The Mask Tax

Say someone on your team tells you they can't handle multitasking. They're neurodivergent, and they're telling you directly. Now what?

There are two obvious moves. You accommodate: protect their focus time, route work differently, adjust expectations. Or you treat them the same as everyone else and let them figure it out. Neither is obviously right, and both can go wrong in ways that are hard to see until they've already done damage.

If you accommodate, you're making a judgment that their neurodivergence is the thing to optimize around, not the role. That can feel like support. It can also feel like you've quietly decided they can't do the job. It creates asymmetry — other people on the team don't get their workload managed the same way, and that breeds questions even when no one says anything out loud.

If you treat them the same, you're holding the standard. That can be respectful — you're taking them at face value as someone capable of figuring it out. Or it can be a way of not dealing with the actual problem. If they're struggling and you knew, you made a choice.

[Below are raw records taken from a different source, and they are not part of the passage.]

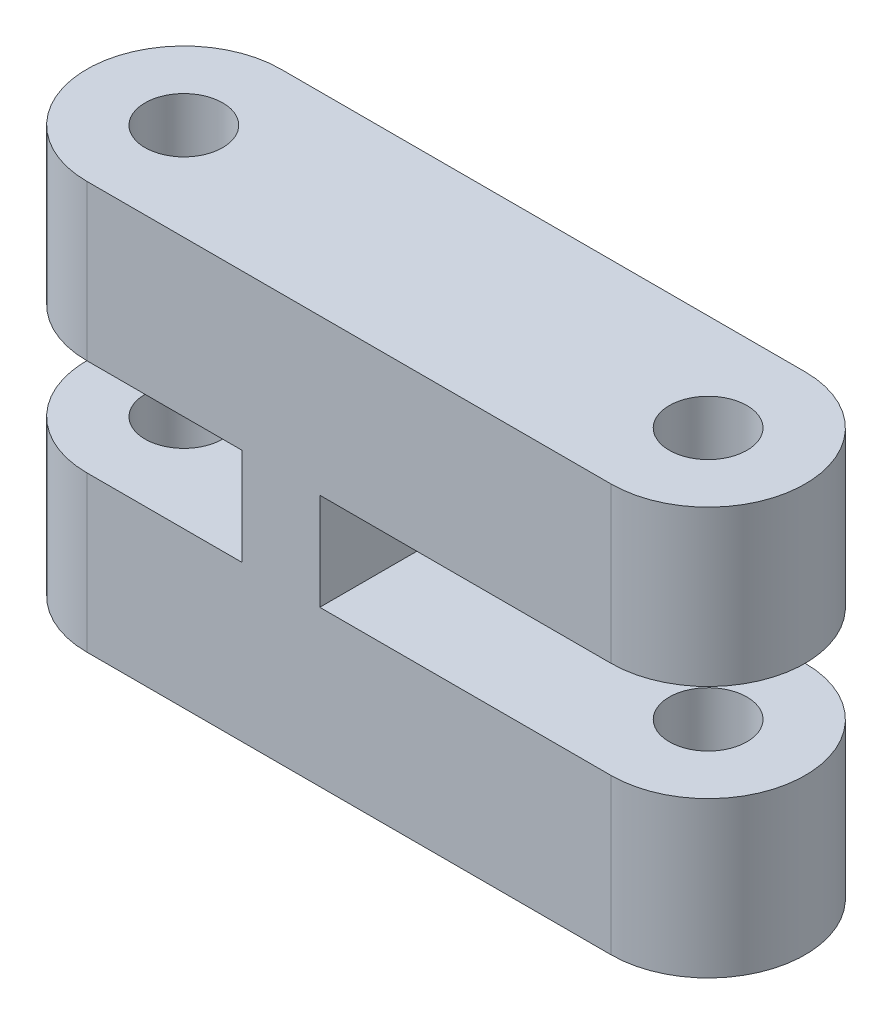
ISO-10303-21;
HEADER;
FILE_DESCRIPTION(('STEP AP214'),'2;1');
FILE_NAME('part.step','',(''),(''),'','','');
FILE_SCHEMA(('AUTOMOTIVE_DESIGN { 1 0 10303 214 1 1 1 1 }'));
ENDSEC;
DATA;
#1=APPLICATION_CONTEXT('core data for automotive mechanical design processes');
#2=APPLICATION_PROTOCOL_DEFINITION('international standard','automotive_design',2000,#1);
#3=PRODUCT_CONTEXT('',#1,'mechanical');
#4=PRODUCT('Part','Part','',(#3));
#5=PRODUCT_RELATED_PRODUCT_CATEGORY('part','',(#4));
#6=PRODUCT_DEFINITION_FORMATION('','',#4);
#7=PRODUCT_DEFINITION_CONTEXT('part definition',#1,'design');
#8=PRODUCT_DEFINITION('design','',#6,#7);
#9=PRODUCT_DEFINITION_SHAPE('','',#8);
#10=(LENGTH_UNIT() NAMED_UNIT(*) SI_UNIT(.MILLI.,.METRE.));
#11=(NAMED_UNIT(*) PLANE_ANGLE_UNIT() SI_UNIT($,.RADIAN.));
#12=(NAMED_UNIT(*) SI_UNIT($,.STERADIAN.) SOLID_ANGLE_UNIT());
#13=UNCERTAINTY_MEASURE_WITH_UNIT(LENGTH_MEASURE(1.E-05),#10,'distance_accuracy_value','');
#14=(GEOMETRIC_REPRESENTATION_CONTEXT(3) GLOBAL_UNCERTAINTY_ASSIGNED_CONTEXT((#13)) GLOBAL_UNIT_ASSIGNED_CONTEXT((#10,
#11,#12)) REPRESENTATION_CONTEXT('',''));
#15=CARTESIAN_POINT('',(0.,0.,0.));
#16=DIRECTION('',(0.,0.,1.));
#17=DIRECTION('',(1.,0.,0.));
#18=AXIS2_PLACEMENT_3D('',#15,#16,#17);
#19=CARTESIAN_POINT('',(-8.87448138205192,21.,32.1786968159599));
#20=DIRECTION('',(0.,0.,-1.));
#21=DIRECTION('',(-1.,0.,0.));
#22=AXIS2_PLACEMENT_3D('',#19,#20,#21);
#23=PLANE('',#22);
#24=DIRECTION('',(0.,-1.,0.));
#25=VECTOR('',#24,1.);
#26=CARTESIAN_POINT('',(-8.87448138205192,21.,32.1786968159599));
#27=LINE('',#26,#25);
#28=CARTESIAN_POINT('',(-8.87448138205192,8.,32.1786968159599));
#29=VERTEX_POINT('',#28);
#30=CARTESIAN_POINT('',(-8.87448138205192,0.,32.1786968159599));
#31=VERTEX_POINT('',#30);
#32=EDGE_CURVE('E22',#29,#31,#27,.T.);
#33=ORIENTED_EDGE('',*,*,#32,.F.);
#34=DIRECTION('',(1.,0.,0.));
#35=VECTOR('',#34,1.);
#36=CARTESIAN_POINT('',(-8.87448138205192,8.,32.1786968159599));
#37=LINE('',#36,#35);
#38=CARTESIAN_POINT('',(-0.874481382051926,8.,32.1786968159599));
#39=VERTEX_POINT('',#38);
#40=EDGE_CURVE('E141',#29,#39,#37,.T.);
#41=ORIENTED_EDGE('',*,*,#40,.T.);
#42=DIRECTION('',(0.,1.,0.));
#43=VECTOR('',#42,1.);
#44=CARTESIAN_POINT('',(-0.874481382051928,21.,32.1786968159599));
#45=LINE('',#44,#43);
#46=CARTESIAN_POINT('',(-0.874481382051926,13.,32.1786968159599));
#47=VERTEX_POINT('',#46);
#48=EDGE_CURVE('E144',#39,#47,#45,.T.);
#49=ORIENTED_EDGE('',*,*,#48,.T.);
#50=DIRECTION('',(-1.,0.,0.));
#51=VECTOR('',#50,1.);
#52=CARTESIAN_POINT('',(-8.87448138205192,13.,32.1786968159599));
#53=LINE('',#52,#51);
#54=CARTESIAN_POINT('',(-8.87448138205192,13.,32.1786968159599));
#55=VERTEX_POINT('',#54);
#56=EDGE_CURVE('E110',#47,#55,#53,.T.);
#57=ORIENTED_EDGE('',*,*,#56,.T.);
#58=CARTESIAN_POINT('',(-8.87448138205192,21.,32.1786968159599));
#59=VERTEX_POINT('',#58);
#60=EDGE_CURVE('E9',#59,#55,#27,.T.);
#61=ORIENTED_EDGE('',*,*,#60,.F.);
#62=DIRECTION('',(1.,0.,0.));
#63=VECTOR('',#62,1.);
#64=CARTESIAN_POINT('',(-8.87448138205192,21.,32.1786968159599));
#65=LINE('',#64,#63);
#66=CARTESIAN_POINT('',(18.1255186179481,21.,32.1786968159599));
#67=VERTEX_POINT('',#66);
#68=EDGE_CURVE('E193',#59,#67,#65,.T.);
#69=ORIENTED_EDGE('',*,*,#68,.T.);
#70=DIRECTION('',(0.,-1.,0.));
#71=VECTOR('',#70,1.);
#72=CARTESIAN_POINT('',(18.1255186179481,21.,32.1786968159599));
#73=LINE('',#72,#71);
#74=CARTESIAN_POINT('',(18.1255186179481,13.,32.1786968159599));
#75=VERTEX_POINT('',#74);
#76=EDGE_CURVE('E223',#67,#75,#73,.T.);
#77=ORIENTED_EDGE('',*,*,#76,.T.);
#78=DIRECTION('',(1.,0.,0.));
#79=VECTOR('',#78,1.);
#80=CARTESIAN_POINT('',(-8.87448138205192,13.,32.1786968159599));
#81=LINE('',#80,#79);
#82=CARTESIAN_POINT('',(3.12551861794808,13.,32.1786968159599));
#83=VERTEX_POINT('',#82);
#84=EDGE_CURVE('E168',#83,#75,#81,.T.);
#85=ORIENTED_EDGE('',*,*,#84,.F.);
#86=DIRECTION('',(0.,1.,0.));
#87=VECTOR('',#86,1.);
#88=CARTESIAN_POINT('',(3.12551861794808,21.,32.1786968159599));
#89=LINE('',#88,#87);
#90=CARTESIAN_POINT('',(3.12551861794808,8.,32.1786968159599));
#91=VERTEX_POINT('',#90);
#92=EDGE_CURVE('E174',#91,#83,#89,.T.);
#93=ORIENTED_EDGE('',*,*,#92,.F.);
#94=DIRECTION('',(-1.,0.,0.));
#95=VECTOR('',#94,1.);
#96=CARTESIAN_POINT('',(-8.87448138205192,8.,32.1786968159599));
#97=LINE('',#96,#95);
#98=CARTESIAN_POINT('',(18.1255186179481,8.,32.1786968159599));
#99=VERTEX_POINT('',#98);
#100=EDGE_CURVE('E172',#99,#91,#97,.T.);
#101=ORIENTED_EDGE('',*,*,#100,.F.);
#102=CARTESIAN_POINT('',(18.1255186179481,0.,32.1786968159599));
#103=VERTEX_POINT('',#102);
#104=EDGE_CURVE('E222',#99,#103,#73,.T.);
#105=ORIENTED_EDGE('',*,*,#104,.T.);
#106=DIRECTION('',(1.,0.,0.));
#107=VECTOR('',#106,1.);
#108=CARTESIAN_POINT('',(-8.87448138205192,0.,32.1786968159599));
#109=LINE('',#108,#107);
#110=EDGE_CURVE('E192',#31,#103,#109,.T.);
#111=ORIENTED_EDGE('',*,*,#110,.F.);
#112=EDGE_LOOP('',(#33,#41,#49,#57,#61,#69,#77,#85,#93,#101,#105,#111));
#113=FACE_BOUND('',#112,.T.);
#114=ADVANCED_FACE('F15',(#113),#23,.T.);
#115=CARTESIAN_POINT('',(18.1255186179481,21.,42.1786968159599));
#116=DIRECTION('',(0.,0.,1.));
#117=DIRECTION('',(1.,0.,0.));
#118=AXIS2_PLACEMENT_3D('',#115,#116,#117);
#119=PLANE('',#118);
#120=DIRECTION('',(0.,-1.,0.));
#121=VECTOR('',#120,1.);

Experience makes it stranger. Someone who's been in the field a long time is supposed to have built their own strategies by now. Maybe they have. Or maybe they've been masking for years and they're telling you because they're exhausted, and what looks like competence is partly the cost of sustained adaptation.

The framing of "support them or let them struggle" is where the thinking usually gets stuck. It treats accommodation as a binary — special treatment or none — when the actual question is more specific: what does this person need in this role right now, and is that something the team can actually do?

A lot of neurodivergent people don't want exceptions. They want structural changes that would help anyone: fewer context switches, clearer task prioritization, async over synchronous where it's possible. The thing that helps them is often just better design. The accommodation isn't the special part — the special part is actually asking.

Most orgs never ask. They either quietly over-manage around it or quietly let the person struggle, and call both of those things "treating people fairly." Neither is. Fair isn't uniform. Fair is matching support to what someone actually needs to do the work well.